The Old West portrayed in "Blood Meridian" is not the Old West of Zane Grey or even of Larry McMurtry. Images of the most horrific abound in "Blood Meridian," (charred human bones, blood-soaked scalps, a tree hung with the bodies of dead infants), all rendered in McCarthy's gorgeously lyrical writing.

As far as I'm concerned, "Blood Meridian" is McCarthy's best book, by far. It doesn't have the "feel good" qualities sometimes found in "All the Pretty Horses" but I didn't expect it to. "Blood Meridian" is the book in which McCarthy makes crystal clear the one theme that runs through all of his writing: the undeniable presence of evil in the world. The fact that he writes about this evil in language so lyrical and so elaborately beautiful only intensifies the horror of it all. We feel as though we have left the real world behind and entered into some surreal place from which no escape is possible.

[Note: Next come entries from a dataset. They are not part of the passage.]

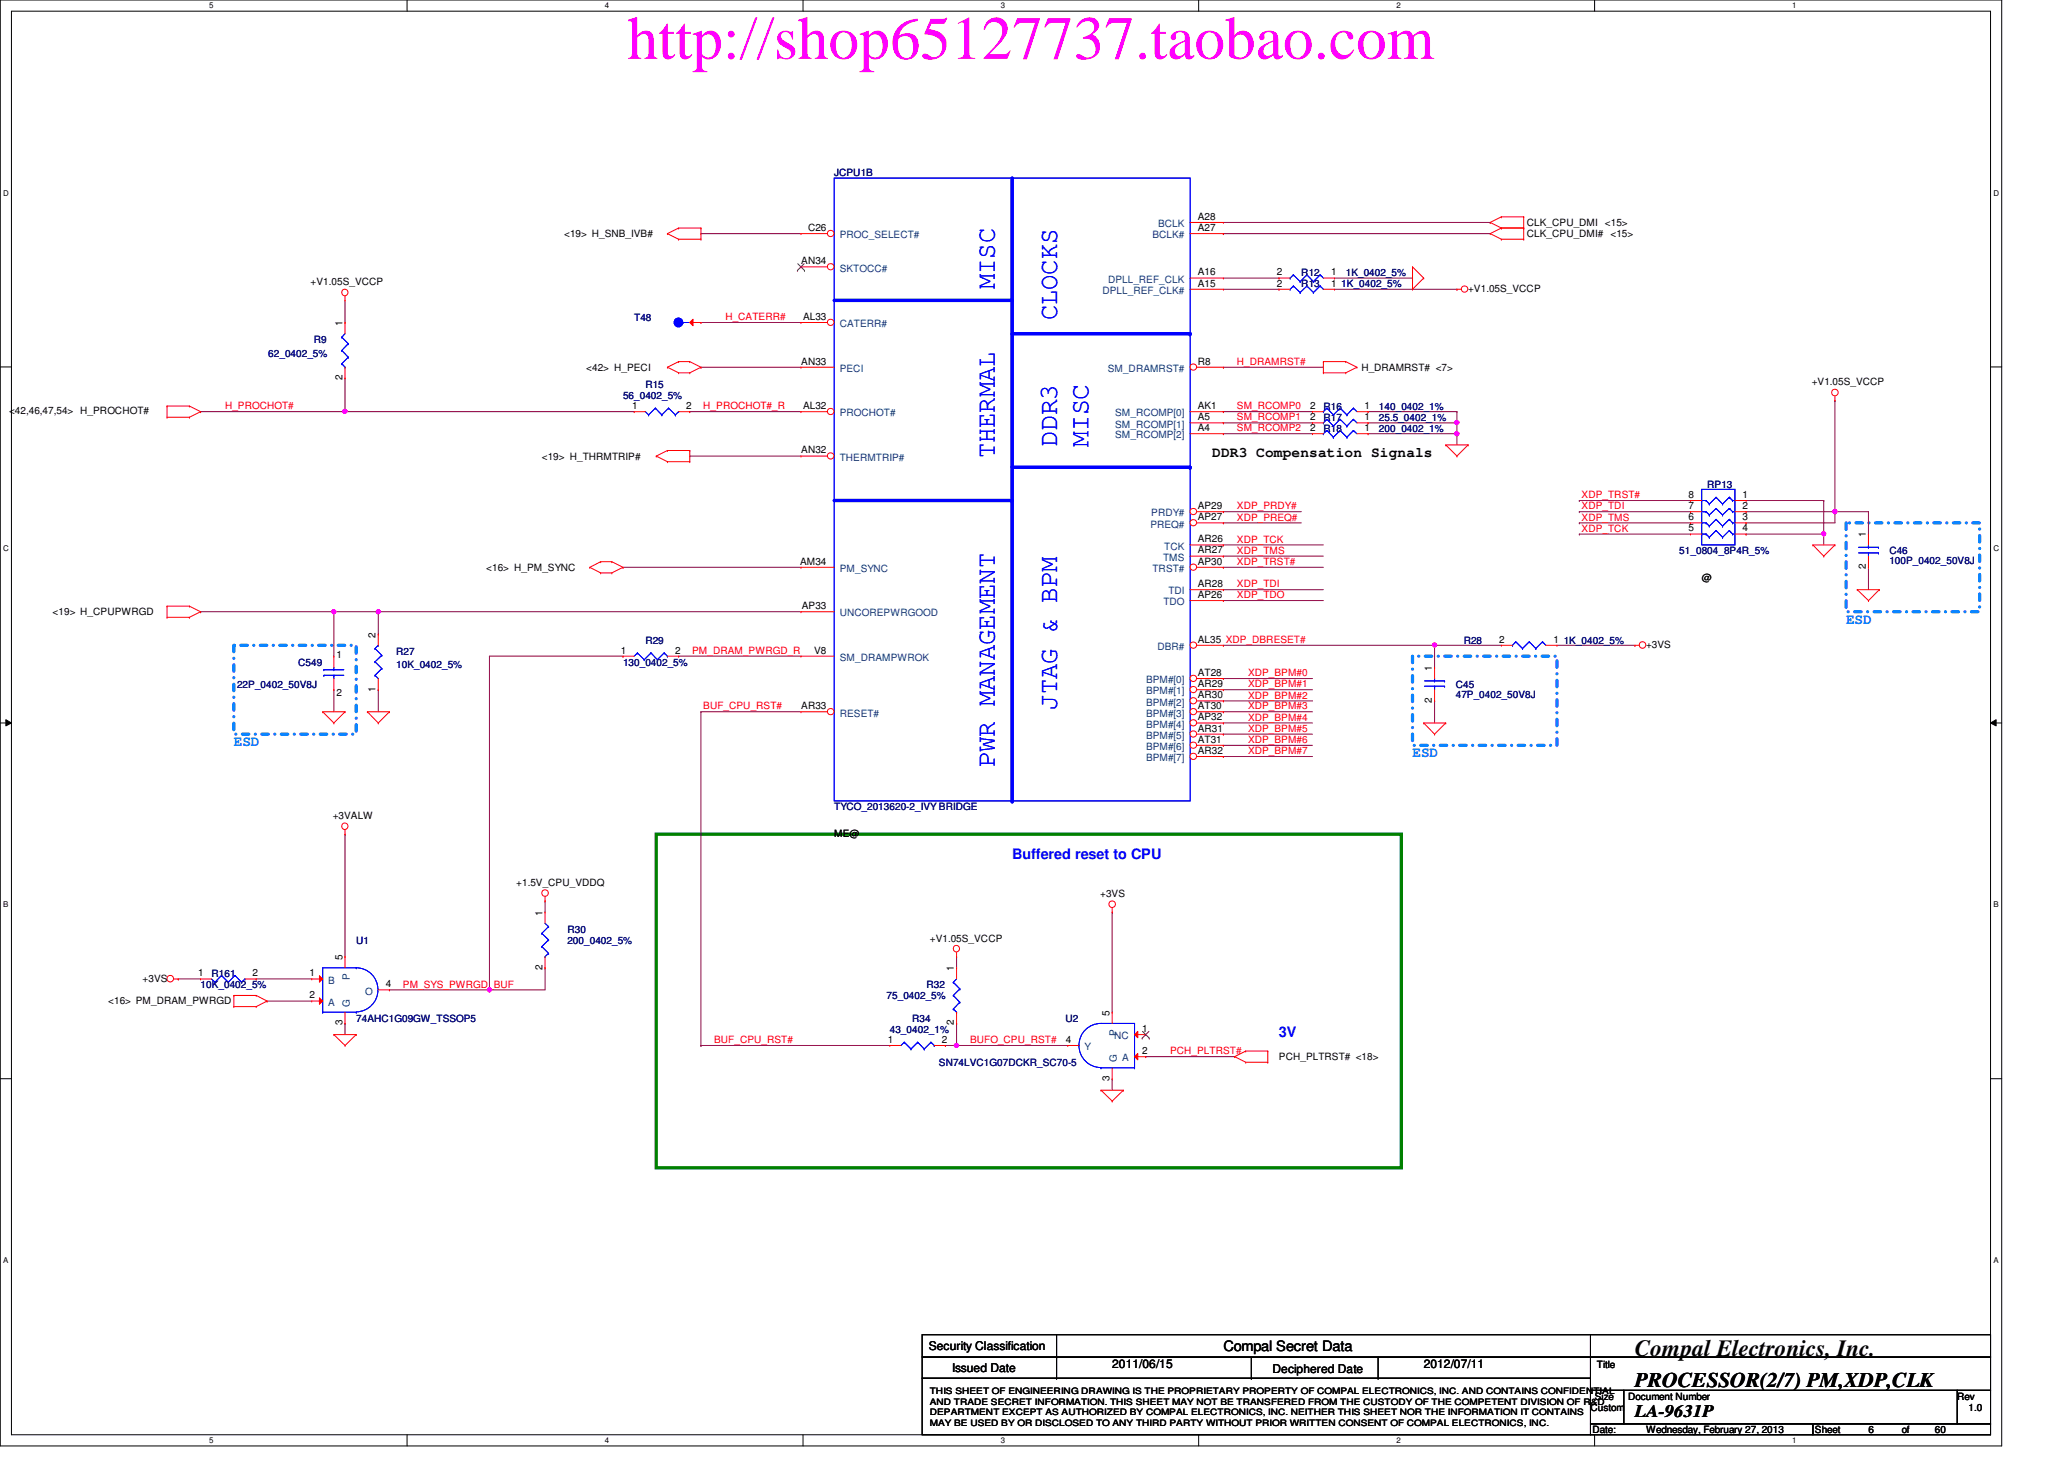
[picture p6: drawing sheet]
<svg xmlns="http://www.w3.org/2000/svg" width="297mm" height="210mm" viewBox="0 0 297 210" stroke-linecap="round" stroke-linejoin="round" font-family="sans-serif">
<path d="M0 0h288.1v208h-288.1zM1.6 1.6h284.9v204.8h-284.9z" fill="none" stroke="#000" stroke-width=".14"/>
<g fill="#fff">
<path d="M30.1 .2h.6v1.2h-.6z"/>
<path d="M30.1 206.6h.6v1.2h-.6z"/>
</g>
<path d="M58.6 0v1.6M58.6 206.4v1.6" fill="none" stroke="#000" stroke-width=".14"/>
<g fill="#fff">
<path d="M87 .2h.6v1.2h-.6z"/>
<path d="M87 206.6h.6v1.2h-.6z"/>
</g>
<path d="M115.6 0v1.6M115.6 206.4v1.6" fill="none" stroke="#000" stroke-width=".14"/>
<g fill="#fff">
<path d="M144 .2h.6v1.2h-.6z"/>
<path d="M144 206.6h.6v1.2h-.6z"/>
</g>
<path d="M172.5 0v1.6M172.5 206.4v1.6" fill="none" stroke="#000" stroke-width=".14"/>
<g fill="#fff">
<path d="M201 .2h.5v1.2h-.5z"/>
<path d="M201 206.6h.5v1.2h-.5z"/>
</g>
<path d="M229.5 0v1.6M229.5 206.4v1.6" fill="none" stroke="#000" stroke-width=".14"/>
<g fill="#fff">
<path d="M257.9 .2h.6v1.2h-.6z"/>
<path d="M257.9 206.6h.6v1.2h-.6z"/>
<path d="M.5 27.2h.7v1.2h-.7z"/>
<path d="M286.9 27.2h.8v1.2h-.8z"/>
<path d="M.5 78.4h.7v1.1h-.7z"/>
<path d="M286.9 78.4h.8v1.1h-.8z"/>
</g>
<path d="M0 52.8h1.6M286.5 52.8h1.6" fill="none" stroke="#000" stroke-width=".14"/>
<g fill="#fff">
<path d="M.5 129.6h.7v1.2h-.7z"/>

"Blood Meridian," which takes place in 1847, is loosely based on actual events and is the story of a fourteen boy, known only as "the Kid." Drifting through the American Southwest, the Kid joins a disparate and bloodthirsty band of Indian-hunters-for-hire led by a mysterious and learned man called, Judge Holden.

It is after the Kid joins Judge Holden and his band that McCarthy really hits his stride. Juxtaposed next to descriptions of the most horrific and grotesque are images of the most sublime beauty....

McCarthy, unlike most writers who portray horror, concentrates not on the horrific images themselves, but on his characters' reactions to them. I'm not at all surprised at this, for McCarthy is not a horror writer; he is a writer of literature of the very highest order.

Although many people would have expected McCarthy to keep his emphasis on the Kid, he chooses to concentrate on the character of Judge Holden instead. Anyone who has read this book knows it was a good choice for the Judge is the dominant personality in "Blood Meridian" and all the other characters in this book are defined only in relation to the Judge. It is also the Judge who exemplifies McCarthy's major themes and it is he (the Judge) who becomes a metaphorical and spiritual father to all of McCarthy's later characters.

This is not a typical "Western novel," not even a very, very good "Western novel." In this book, the line between the victims the perpetrators of evil is subtlely drawn...if it is drawn at all. McCarthy seems to be telling us that all men are villains, all men are perpetrators, all men are bloodthirsty...if only the reward is high enough. And for some, evil, itself is its own reward.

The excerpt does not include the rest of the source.